Siapa yang menduga, berita miring itu datang dari para sahabat yang 
begitu mencintainya. Tak ada pula yang mengira kecemburuan itu 
bergemuruh di hati para orang yang begitu mulia, yang dahulu tanpa ragu 
mengucapkan bai’at dipersaksikan rimbunnya pohon kurma. Bahkan sang 
pemimpin kaum turut membenarkan apa yang tengah tersebar luas di hati 
kaumnya. Ah, memang benar mereka adalah generasi paling mulia, tetapi 
bukankah mereka juga mempunyai akal dan hati yang mampu menimbang dan 
membedakan mana yang benar dan mana yang kurang tepat secara manusiawi? 

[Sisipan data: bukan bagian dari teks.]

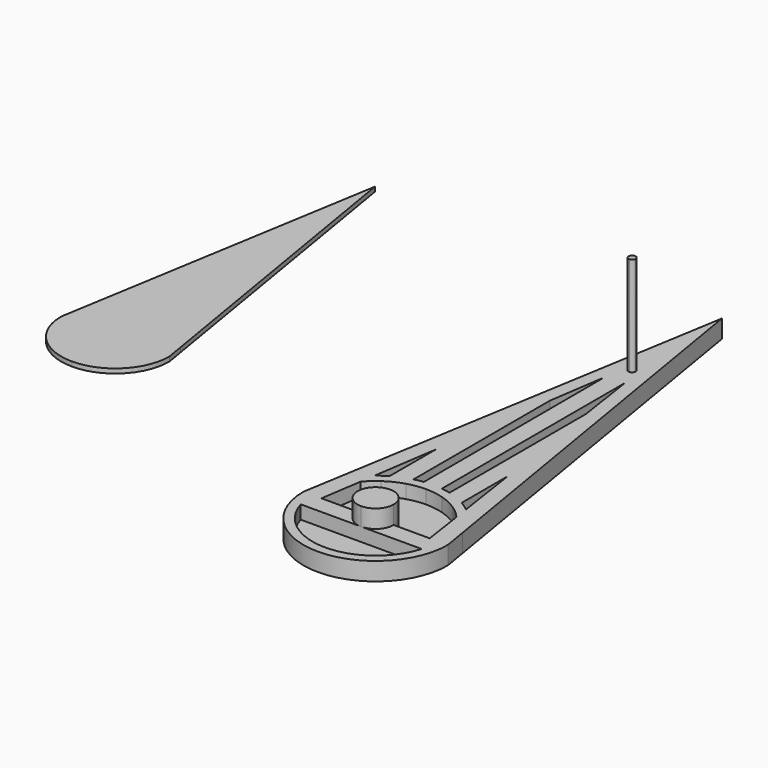
from build123d import *

# Parameters (mm, degrees)
F1_DEPTH = 3.175
F2_DEPTH = 12.7
F3_DEPTH = 3.175
F5_DEPTH = 12.7
F6_DEPTH = 82.55


with BuildPart() as f1:
    # F0 (on Top) → F1 (new body)
    with BuildSketch(Plane.XY):
        with BuildLine():
            Line((0, 0), (6.35, 0))
            ThreePointArc((6.35, 0), (7.9669082367, 11.879762203), (12.7, 22.8952505992))
            Line((12.7, 22.8952505992), (12.7, 33.6010416505))
            ThreePointArc((12.7, 33.6010416505), (6.8801890096, 25.528223647), (2.7459459459, 16.4756756757))
            Line((2.7459459459, 16.4756756757), (0, 0))
        make_face()
    extrude(amount=F1_DEPTH)



with BuildPart() as f1b:
    # F0 (on Top) → F1, piece 2 (new body)
    with BuildSketch(Plane.XY):
        with BuildLine():
            Line((95.25, 0), (101.6, 0))
            Line((101.6, 0), (98.8540540541, 16.4756756757))
            ThreePointArc((98.8540540541, 16.4756756757), (94.7198109904, 25.528223647), (88.9, 33.6010416505))
            Line((88.9, 33.6010416505), (88.9, 22.8952505992))
            ThreePointArc((88.9, 22.8952505992), (93.6330917633, 11.879762203), (95.25, 0))
        make_face()
    extrude(amount=F1_DEPTH)


with BuildPart() as f1c:
    # F0 (on Top) → F1, piece 3 (new body)
    with BuildSketch(Plane.XY):
        with BuildLine():
            Line((-243.6951210144, 106.2864051561), (-245.7545804739, 93.9296483994))
            Line((-245.7545804739, 93.9296483994), (-207.6545804739, 93.9296483994))
            Line((-207.6545804739, 93.9296483994), (-207.6545804739, 132.0296483994))
            ThreePointArc((-207.6545804739, 132.0296483994), (-229.7997556546, 124.9328936523), (-243.6951210144, 106.2864051561))
        make_face()
        with BuildLine():
            Line((-207.6545804739, 93.9296483994), (-245.7545804739, 93.9296483994))
            ThreePointArc((-245.7545804739, 93.9296483994), (-234.5953488371, 66.9888800361), (-207.6545804739, 55.8296483994))
            Line((-207.6545804739, 55.8296483994), (-207.6545804739, 93.9296483994))
        make_face()
        with BuildLine():
            Line((-207.6545804739, 93.9296483994), (-207.6545804739, 55.8296483994))
            ThreePointArc((-207.6545804739, 55.8296483994), (-180.7138121107, 66.9888800361), (-169.5545804739, 93.9296483994))
            Line((-169.5545804739, 93.9296483994), (-207.6545804739, 93.9296483994))
        make_face()
        with BuildLine():
            Line((-207.6545804739, 322.5296483994), (-243.6951210144, 106.2864051561))
            ThreePointArc((-243.6951210144, 106.2864051561), (-229.7997556546, 124.9328936523), (-207.6545804739, 132.0296483994))
            Line((-207.6545804739, 132.0296483994), (-207.6545804739, 322.5296483994))
        make_face()
        with BuildLine():
            Line((-207.6545804739, 132.0296483994), (-207.6545804739, 93.9296483994))
            Line((-207.6545804739, 93.9296483994), (-169.5545804739, 93.9296483994))
            Line((-169.5545804739, 93.9296483994), (-171.6140399334, 106.2864051561))
            ThreePointArc((-171.6140399334, 106.2864051561), (-185.5094052932, 124.9328936523), (-207.6545804739, 132.0296483994))
        make_face()
        with BuildLine():
            Line((-171.6140399334, 106.2864051561), (-207.6545804739, 322.5296483994))
            Line((-207.6545804739, 322.5296483994), (-207.6545804739, 132.0296483994))
            ThreePointArc((-207.6545804739, 132.0296483994), (-185.5094052932, 124.9328936523), (-171.6140399334, 106.2864051561))
        make_face()
    extrude(amount=F1_DEPTH)


with BuildPart() as f1_1:
    add(f1.part)

    add(f1b.part)  # F2 merges F1b
    # F0 (on Top) → F2 (join)
    with BuildSketch(Plane.XY):
        with BuildLine():
            Line((25.4, 0), (12.7, 0))
            Line((12.7, 0), (6.35, 0))
            ThreePointArc((6.35, 0), (6.8156654508, -6.4172279265), (8.2029050286, -12.7))
            Line((8.2029050286, -12.7), (50.8, -12.7))
            ThreePointArc((50.8, -12.7), (41.8197438789, -8.9802561211), (38.1, 0))
            Line((38.1, 0), (25.4, 0))
        make_face()
        with BuildLine():
            Line((6.35, 0), (12.7, 0))
            Line((12.7, 0), (12.7, 22.8952505992))
            ThreePointArc((12.7, 22.8952505992), (7.9669082367, 11.879762203), (6.35, 0))
        make_face()
        with BuildLine():
            Line((12.7, 22.8952505992), (12.7, 0))
            Line((12.7, 0), (17.0366272789, 28.9108485261))
            ThreePointArc((17.0366272789, 28.9108485261), (14.7426437559, 25.993644621), (12.7, 22.8952505992))
        make_face()
        with BuildLine():
            ThreePointArc((8.2029050286, -12.7), (6.8156654508, -6.4172279265), (6.35, 0))
            Line((6.35, 0), (0, 0))
            ThreePointArc((0, 0), (50.8, -50.8), (101.6, 0))
            Line((101.6, 0), (95.25, 0))
            ThreePointArc((95.25, 0), (94.7843345492, -6.4172279265), (93.3970949714, -12.7))
            ThreePointArc((93.3970949714, -12.7), (50.8, -44.45), (8.2029050286, -12.7))
        make_face()
        with BuildLine():
            Line((0, 0), (6.35, 0))
            ThreePointArc((6.35, 0), (7.9669082367, 11.879762203), (12.7, 22.8952505992))
            Line((12.7, 22.8952505992), (12.7, 33.6010416505))
            ThreePointArc((12.7, 33.6010416505), (6.8801890096, 25.528223647), (2.7459459459, 16.4756756757))
            Line((2.7459459459, 16.4756756757), (0, 0))
        make_face()
        with BuildLine():
            Line((12.7, 33.6010416505), (12.7, 22.8952505992))
            ThreePointArc((12.7, 22.8952505992), (14.7426437559, 25.993644621), (17.0366272789, 28.9108485261))
            Line((17.0366272789, 28.9108485261), (18.5927975033, 39.2853166888))
            ThreePointArc((18.5927975033, 39.2853166888), (15.5316937406, 36.5620920298), (12.7, 33.6010416505))
        make_face()
        with BuildLine():
            Line((18.5927975033, 39.2853166888), (17.0366272789, 28.9108485261))
            ThreePointArc((17.0366272789, 28.9108485261), (20.9773322723, 32.9607492269), (25.4, 36.4779728055))
            Line((25.4, 36.4779728055), (25.4, 43.9940905122))
            ThreePointArc((25.4, 43.9940905122), (21.9003359431, 41.7785760575), (18.5927975033, 39.2853166888))
        make_face()
        with BuildLine():
            ThreePointArc((50.8, 12.7), (41.8197438789, 8.9802561211), (38.1, 0))
            Line((38.1, 0), (50.8, 0))
            Line((50.8, 0), (50.8, 12.7))
        make_face()
        with BuildLine():
            Line((50.8, 0), (38.1, 0))
            ThreePointArc((38.1, 0), (41.8197438789, -8.9802561211), (50.8, -12.7))
            ThreePointArc((50.8, -12.7), (59.7802561211, -8.9802561211), (63.5, 0))
            Line((63.5, 0), (50.8, 0))
        make_face()
        with BuildLine():
            Line((25.4, 43.9940905122), (25.4, 36.4779728055))
            ThreePointArc((25.4, 36.4779728055), (31.5058709961, 40.0442141386), (38.1, 42.5970949714))
            Line((38.1, 42.5970949714), (38.1, 49.1868884968))
            ThreePointArc((38.1, 49.1868884968), (31.5738774651, 47.0212315053), (25.4, 43.9940905122))
        make_face()
        with BuildLine():
            Line((12.7, 76.2), (12.7, 33.6010416505))
            ThreePointArc((12.7, 33.6010416505), (15.5316937406, 36.5620920298), (18.5927975033, 39.2853166888))
            Line((18.5927975033, 39.2853166888), (25.4, 84.6666666667))
            Line((25.4, 84.6666666667), (25.4, 152.4))
            Line((25.4, 152.4), (12.7, 76.2))
        make_face()
        with BuildLine():
            ThreePointArc((2.7459459459, 16.4756756757), (6.8801890096, 25.528223647), (12.7, 33.6010416505))
            Line((12.7, 33.6010416505), (12.7, 76.2))
            Line((12.7, 76.2), (2.7459459459, 16.4756756757))
        make_face()
        with BuildLine():
            Line((50.8, 12.7), (50.8, 0))
            Line((50.8, 0), (63.5, 0))
            ThreePointArc((63.5, 0), (59.7802561211, 8.9802561211), (50.8, 12.7))
        make_face()
        with BuildLine():
            Line((38.1, 49.1868884968), (38.1, 42.5970949714))
            ThreePointArc((38.1, 42.5970949714), (44.3827720735, 43.9843345492), (50.8, 44.45))
            Line((50.8, 44.45), (50.8, 50.8))
            ThreePointArc((50.8, 50.8), (47.6187560428, 50.7002927692), (44.45, 50.4015624758))
            ThreePointArc((44.45, 50.4015624758), (41.2556570043, 49.8953456425), (38.1, 49.1868884968))
        make_face()
        with BuildLine():
            ThreePointArc((63.5, 0), (59.7802561211, -8.9802561211), (50.8, -12.7))
            Line((50.8, -12.7), (93.3970949714, -12.7))
            ThreePointArc((93.3970949714, -12.7), (94.7843345492, -6.4172279265), (95.25, 0))
            Line((95.25, 0), (88.9, 0))
            Line((88.9, 0), (76.2, 0))
            Line((76.2, 0), (63.5, 0))
        make_face()
        with BuildLine():
            Line((25.4, 84.6666666667), (25.4, 43.9940905122))
            ThreePointArc((25.4, 43.9940905122), (31.5738774651, 47.0212315053), (38.1, 49.1868884968))
            Line((38.1, 49.1868884968), (38.1, 169.3333333333))
            Line((38.1, 169.3333333333), (25.4, 84.6666666667))
        make_face()
        with BuildLine():
            Line((95.25, 0), (101.6, 0))
            Line((101.6, 0), (98.8540540541, 16.4756756757))
            ThreePointArc((98.8540540541, 16.4756756757), (94.7198109904, 25.528223647), (88.9, 33.6010416505))
            Line((88.9, 33.6010416505), (88.9, 22.8952505992))
            ThreePointArc((88.9, 22.8952505992), (93.6330917633, 11.879762203), (95.25, 0))
        make_face()
        Polygon((25.4, 152.4), (25.4, 84.6666666667), (38.1, 169.3333333333), (38.1, 228.6), align=None)
        with BuildLine():
            Line((50.8, 50.8), (50.8, 44.45))
            ThreePointArc((50.8, 44.45), (57.2172279265, 43.9843345492), (63.5, 42.5970949714))
            Line((63.5, 42.5970949714), (63.5, 49.1868884968))
            ThreePointArc((63.5, 49.1868884968), (60.3443429957, 49.8953456425), (57.15, 50.4015624758))
            ThreePointArc((57.15, 50.4015624758), (53.9812439572, 50.7002927692), (50.8, 50.8))
        make_face()
        with BuildLine():
            Line((88.9, 0), (95.25, 0))
            ThreePointArc((95.25, 0), (93.6330917633, 11.879762203), (88.9, 22.8952505992))
            Line((88.9, 22.8952505992), (88.9, 0))
        make_face()
        with BuildLine():
            ThreePointArc((88.9, 33.6010416505), (94.7198109904, 25.528223647), (98.8540540541, 16.4756756757))
            Line((98.8540540541, 16.4756756757), (88.9, 76.2))
            Line((88.9, 76.2), (88.9, 33.6010416505))
        make_face()
        with BuildLine():
            Line((38.1, 228.6), (38.1, 169.3333333333))
            Line((38.1, 169.3333333333), (44.1137143616, 209.4247624108))
            Line((44.1137143616, 209.4247624108), (45.4948143772, 218.6320958477))
            ThreePointArc((45.4948143772, 218.6320958477), (42.008355823, 227.0843623282), (47.8212586894, 234.1417245957))
            Line((47.8212586894, 234.1417245957), (50.8, 254))
            Line((50.8, 254), (50.8, 304.8))
            Line((50.8, 304.8), (38.1, 228.6))
        make_face()
        with BuildLine():
            Line((63.5, 49.1868884968), (63.5, 42.5970949714))
            ThreePointArc((63.5, 42.5970949714), (70.0941290039, 40.0442141386), (76.2, 36.4779728055))
            Line((76.2, 36.4779728055), (76.2, 43.9940905122))
            ThreePointArc((76.2, 43.9940905122), (70.0261225349, 47.0212315053), (63.5, 49.1868884968))
        make_face()
        with BuildLine():
            Line((44.1137143616, 209.4247624108), (44.45, 50.4015624758))
            ThreePointArc((44.45, 50.4015624758), (47.6187560428, 50.7002927692), (50.8, 50.8))
            Line((50.8, 50.8), (50.8, 216.8756157017))
            ThreePointArc((50.8, 216.8756157017), (48.005799891, 217.3261521079), (45.4948143772, 218.6320958477))
            Line((45.4948143772, 218.6320958477), (44.1137143616, 209.4247624108))
        make_face()
        with BuildLine():
            Line((50.8, 216.8756157017), (50.8, 50.8))
            ThreePointArc((50.8, 50.8), (53.9812439572, 50.7002927692), (57.15, 50.4015624758))
            Line((57.15, 50.4015624758), (57.15, 211.6666666667))
            Line((57.15, 211.6666666667), (56.1051856228, 218.6320958477))
            ThreePointArc((56.1051856228, 218.6320958477), (53.594200109, 217.3261521079), (50.8, 216.8756157017))
        make_face()
        with BuildLine():
            Line((84.5633727211, 28.9108485261), (88.9, 0))
            Line((88.9, 0), (88.9, 22.8952505992))
            ThreePointArc((88.9, 22.8952505992), (86.8573562441, 25.993644621), (84.5633727211, 28.9108485261))
        make_face()
        with BuildLine():
            ThreePointArc((84.5633727211, 28.9108485261), (86.8573562441, 25.993644621), (88.9, 22.8952505992))
            Line((88.9, 22.8952505992), (88.9, 33.6010416505))
            ThreePointArc((88.9, 33.6010416505), (86.0683062594, 36.5620920298), (83.0072024967, 39.2853166888))
            Line((83.0072024967, 39.2853166888), (84.5633727211, 28.9108485261))
        make_face()
        with BuildLine():
            Line((88.9, 33.6010416505), (88.9, 76.2))
            Line((88.9, 76.2), (76.2, 152.4))
            Line((76.2, 152.4), (76.2, 84.6666666667))
            Line((76.2, 84.6666666667), (83.0072024967, 39.2853166888))
            ThreePointArc((83.0072024967, 39.2853166888), (86.0683062594, 36.5620920298), (88.9, 33.6010416505))
        make_face()
        with BuildLine():
            Line((76.2, 43.9940905122), (76.2, 36.4779728055))
            ThreePointArc((76.2, 36.4779728055), (80.6226677277, 32.9607492269), (84.5633727211, 28.9108485261))
            Line((84.5633727211, 28.9108485261), (83.0072024967, 39.2853166888))
            ThreePointArc((83.0072024967, 39.2853166888), (79.6996640569, 41.7785760575), (76.2, 43.9940905122))
        make_face()
        with BuildLine():
            Line((63.5, 169.3333333333), (63.5, 49.1868884968))
            ThreePointArc((63.5, 49.1868884968), (70.0261225349, 47.0212315053), (76.2, 43.9940905122))
            Line((76.2, 43.9940905122), (76.2, 84.6666666667))
            Line((76.2, 84.6666666667), (63.5, 169.3333333333))
        make_face()
        with BuildLine():
            ThreePointArc((45.4948143772, 218.6320958477), (48.005799891, 217.3261521079), (50.8, 216.8756157017))
            Line((50.8, 216.8756157017), (50.8, 223.2656157017))
            ThreePointArc((50.8, 223.2656157017), (48.3, 225.7656157017), (50.8, 228.2656157017))
            Line((50.8, 228.2656157017), (50.8, 234.6556157017))
            ThreePointArc((50.8, 234.6556157017), (49.288627787, 234.526200958), (47.8212586894, 234.1417245957))
            Line((47.8212586894, 234.1417245957), (45.4948143772, 218.6320958477))
        make_face()
        with BuildLine():
            Line((50.8, 223.2656157017), (50.8, 216.8756157017))
            ThreePointArc((50.8, 216.8756157017), (53.594200109, 217.3261521079), (56.1051856228, 218.6320958477))
            Line((56.1051856228, 218.6320958477), (53.7787413106, 234.1417245957))
            ThreePointArc((53.7787413106, 234.1417245957), (52.311372213, 234.526200958), (50.8, 234.6556157017))
            Line((50.8, 234.6556157017), (50.8, 228.2656157017))
            ThreePointArc((50.8, 228.2656157017), (52.567766953, 227.5333826546), (53.3, 225.7656157017))
            ThreePointArc((53.3, 225.7656157017), (52.567766953, 223.9978487487), (50.8, 223.2656157017))
        make_face()
        Polygon((76.2, 84.6666666667), (76.2, 152.4), (63.5, 228.6), (63.5, 169.3333333333), align=None)
        with BuildLine():
            Line((63.5, 228.6), (50.8, 304.8))
            Line((50.8, 304.8), (50.8, 254))
            Line((50.8, 254), (53.7787413106, 234.1417245957))
            ThreePointArc((53.7787413106, 234.1417245957), (58.0633707826, 230.8915834029), (59.69, 225.7656157017))
            ThreePointArc((59.69, 225.7656157017), (58.7433997818, 221.77381161), (56.1051856228, 218.6320958477))
            Line((56.1051856228, 218.6320958477), (57.15, 211.6666666667))
            Line((57.15, 211.6666666667), (63.5, 169.3333333333))
            Line((63.5, 169.3333333333), (63.5, 228.6))
        make_face()
        with BuildLine():
            ThreePointArc((47.8212586894, 234.1417245957), (42.008355823, 227.0843623282), (45.4948143772, 218.6320958477))
            Line((45.4948143772, 218.6320958477), (47.8212586894, 234.1417245957))
        make_face()
        with BuildLine():
            Line((53.7787413106, 234.1417245957), (56.1051856228, 218.6320958477))
            ThreePointArc((56.1051856228, 218.6320958477), (58.7433997818, 221.77381161), (59.69, 225.7656157017))
            ThreePointArc((59.69, 225.7656157017), (58.0633707826, 230.8915834029), (53.7787413106, 234.1417245957))
        make_face()
        with BuildLine():
            Line((53.7787413106, 234.1417245957), (50.8, 254))
            Line((50.8, 254), (50.8, 234.6556157017))
            ThreePointArc((50.8, 234.6556157017), (52.311372213, 234.526200958), (53.7787413106, 234.1417245957))
        make_face()
        with BuildLine():
            Line((50.8, 234.6556157017), (50.8, 254))
            Line((50.8, 254), (47.8212586894, 234.1417245957))
            ThreePointArc((47.8212586894, 234.1417245957), (49.288627787, 234.526200958), (50.8, 234.6556157017))
        make_face()
    extrude(amount=F2_DEPTH)

    # F0 (on Top) → F3 (join)
    with BuildSketch(Plane.XY):
        with BuildLine():
            ThreePointArc((57.15, 50.4015624758), (60.3443429957, 49.8953456425), (63.5, 49.1868884968))
            Line((63.5, 49.1868884968), (63.5, 169.3333333333))
            Line((63.5, 169.3333333333), (57.15, 211.6666666667))
            Line((57.15, 211.6666666667), (57.15, 50.4015624758))
        make_face()
        with BuildLine():
            Line((38.1, 169.3333333333), (38.1, 49.1868884968))
            ThreePointArc((38.1, 49.1868884968), (41.2556570043, 49.8953456425), (44.45, 50.4015624758))
            Line((44.45, 50.4015624758), (44.1137143616, 209.4247624108))
            Line((44.1137143616, 209.4247624108), (38.1, 169.3333333333))
        make_face()
        with BuildLine():
            Line((25.4, 84.6666666667), (18.5927975033, 39.2853166888))
            ThreePointArc((18.5927975033, 39.2853166888), (21.9003359431, 41.7785760575), (25.4, 43.9940905122))
            Line((25.4, 43.9940905122), (25.4, 84.6666666667))
        make_face()
        with BuildLine():
            ThreePointArc((76.2, 43.9940905122), (79.6996640569, 41.7785760575), (83.0072024967, 39.2853166888))
            Line((83.0072024967, 39.2853166888), (76.2, 84.6666666667))
            Line((76.2, 84.6666666667), (76.2, 43.9940905122))
        make_face()
        with BuildLine():
            Line((25.4, 0), (12.7, 0))
            Line((12.7, 0), (6.35, 0))
            ThreePointArc((6.35, 0), (6.8156654508, -6.4172279265), (8.2029050286, -12.7))
            Line((8.2029050286, -12.7), (50.8, -12.7))
            ThreePointArc((50.8, -12.7), (41.8197438789, -8.9802561211), (38.1, 0))
            Line((38.1, 0), (25.4, 0))
        make_face()
        with BuildLine():
            Line((63.5, 42.5970949714), (63.5, 0))
            Line((63.5, 0), (76.2, 0))
            Line((76.2, 0), (76.2, 36.4779728055))
            ThreePointArc((76.2, 36.4779728055), (70.0941290039, 40.0442141386), (63.5, 42.5970949714))
        make_face()
        with BuildLine():
            Line((76.2, 36.4779728055), (76.2, 0))
            Line((76.2, 0), (88.9, 0))
            Line((88.9, 0), (84.5633727211, 28.9108485261))
            ThreePointArc((84.5633727211, 28.9108485261), (80.6226677277, 32.9607492269), (76.2, 36.4779728055))
        make_face()
        with BuildLine():
            Line((17.0366272789, 28.9108485261), (12.7, 0))
            Line((12.7, 0), (25.4, 0))
            Line((25.4, 0), (25.4, 36.4779728055))
            ThreePointArc((25.4, 36.4779728055), (20.9773322723, 32.9607492269), (17.0366272789, 28.9108485261))
        make_face()
        with BuildLine():
            Line((25.4, 36.4779728055), (25.4, 0))
            Line((25.4, 0), (38.1, 0))
            Line((38.1, 0), (38.1, 42.5970949714))
            ThreePointArc((38.1, 42.5970949714), (31.5058709961, 40.0442141386), (25.4, 36.4779728055))
        make_face()
        with BuildLine():
            Line((38.1, 42.5970949714), (38.1, 0))
            ThreePointArc((38.1, 0), (41.8197438789, 8.9802561211), (50.8, 12.7))
            Line((50.8, 12.7), (50.8, 44.45))
            ThreePointArc((50.8, 44.45), (44.3827720735, 43.9843345492), (38.1, 42.5970949714))
        make_face()
        with BuildLine():
            Line((50.8, 44.45), (50.8, 12.7))
            ThreePointArc((50.8, 12.7), (59.7802561211, 8.9802561211), (63.5, 0))
            Line((63.5, 0), (63.5, 42.5970949714))
            ThreePointArc((63.5, 42.5970949714), (57.2172279265, 43.9843345492), (50.8, 44.45))
        make_face()
        with BuildLine():
            Line((50.8, -12.7), (8.2029050286, -12.7))
            ThreePointArc((8.2029050286, -12.7), (50.8, -44.45), (93.3970949714, -12.7))
            Line((93.3970949714, -12.7), (50.8, -12.7))
        make_face()
        with BuildLine():
            Line((53.7787413106, 234.1417245957), (56.1051856228, 218.6320958477))
            ThreePointArc((56.1051856228, 218.6320958477), (58.7433997818, 221.77381161), (59.69, 225.7656157017))
            ThreePointArc((59.69, 225.7656157017), (58.0633707826, 230.8915834029), (53.7787413106, 234.1417245957))
        make_face()
        with BuildLine():
            Line((50.8, 223.2656157017), (50.8, 216.8756157017))
            ThreePointArc((50.8, 216.8756157017), (53.594200109, 217.3261521079), (56.1051856228, 218.6320958477))
            Line((56.1051856228, 218.6320958477), (53.7787413106, 234.1417245957))
            ThreePointArc((53.7787413106, 234.1417245957), (52.311372213, 234.526200958), (50.8, 234.6556157017))
            Line((50.8, 234.6556157017), (50.8, 228.2656157017))
            ThreePointArc((50.8, 228.2656157017), (52.567766953, 227.5333826546), (53.3, 225.7656157017))
            ThreePointArc((53.3, 225.7656157017), (52.567766953, 223.9978487487), (50.8, 223.2656157017))
        make_face()
        with BuildLine():
            ThreePointArc((45.4948143772, 218.6320958477), (48.005799891, 217.3261521079), (50.8, 216.8756157017))
            Line((50.8, 216.8756157017), (50.8, 223.2656157017))
            ThreePointArc((50.8, 223.2656157017), (48.3, 225.7656157017), (50.8, 228.2656157017))
            Line((50.8, 228.2656157017), (50.8, 234.6556157017))
            ThreePointArc((50.8, 234.6556157017), (49.288627787, 234.526200958), (47.8212586894, 234.1417245957))
            Line((47.8212586894, 234.1417245957), (45.4948143772, 218.6320958477))
        make_face()
        with BuildLine():
            ThreePointArc((47.8212586894, 234.1417245957), (42.008355823, 227.0843623282), (45.4948143772, 218.6320958477))
            Line((45.4948143772, 218.6320958477), (47.8212586894, 234.1417245957))
        make_face()
        with BuildLine():
            Line((53.7787413106, 234.1417245957), (50.8, 254))
            Line((50.8, 254), (50.8, 234.6556157017))
            ThreePointArc((50.8, 234.6556157017), (52.311372213, 234.526200958), (53.7787413106, 234.1417245957))
        make_face()
        with BuildLine():
            Line((50.8, 234.6556157017), (50.8, 254))
            Line((50.8, 254), (47.8212586894, 234.1417245957))
            ThreePointArc((47.8212586894, 234.1417245957), (49.288627787, 234.526200958), (50.8, 234.6556157017))
        make_face()
    extrude(amount=F3_DEPTH)

    # F4 (on face) → F5 (join)
    with BuildSketch(Plane.XY.offset(12.7)):
        with BuildLine():
            ThreePointArc((50.8, -12.7), (59.7802561211, -8.9802561211), (63.5, 0))
            ThreePointArc((63.5, 0), (50.8, 12.7), (38.1, 0))
            ThreePointArc((38.1, 0), (41.8197438789, -8.9802561211), (50.8, -12.7))
        make_face()
    extrude(amount=F5_DEPTH)

    # F0 (on Top) → F6 (join)
    with BuildSketch(Plane.XY):
        with BuildLine():
            Line((50.8, 228.2656157017), (50.8, 223.2656157017))
            ThreePointArc((50.8, 223.2656157017), (52.567766953, 223.9978487487), (53.3, 225.7656157017))
            ThreePointArc((53.3, 225.7656157017), (52.567766953, 227.5333826546), (50.8, 228.2656157017))
        make_face()
        with BuildLine():
            ThreePointArc((50.8, 228.2656157017), (48.3, 225.7656157017), (50.8, 223.2656157017))
            Line((50.8, 223.2656157017), (50.8, 228.2656157017))
        make_face()
    extrude(amount=F6_DEPTH)


solid = Compound([f1c.part, f1_1.part])

Memang mereka adalah generasi terbaik, tetapi bukan berarti mereka tak 
boleh mengkritisi apa yang tengah dilakukan oleh orang lain, termasuk 
Rasulullah sekalipun.
Peristiwa perang Hunain, meninggalkan hikmah dan pelajaran yang 
berharga bagi kaum muslim yang datang belakangan, bagi kita, bagi umat 
ini. Gambaran di atas menunjukkan kecemburuan para sahabat Rasulullah 
dari golongan yang tidak puas terhadap pembagian rampasan perang yang 
dilakukan oleh rasulullah. Kala itu rasulullah membagikan harta rampasan
 perang Hunain dalam porsi yang sangat besar diperuntukkan para 
orang-orang Quraisy yang baru saja bergabung dalam islam. Mereka yang 
dulu getol menentang beliau dan kini ikut berperang membela beliau. 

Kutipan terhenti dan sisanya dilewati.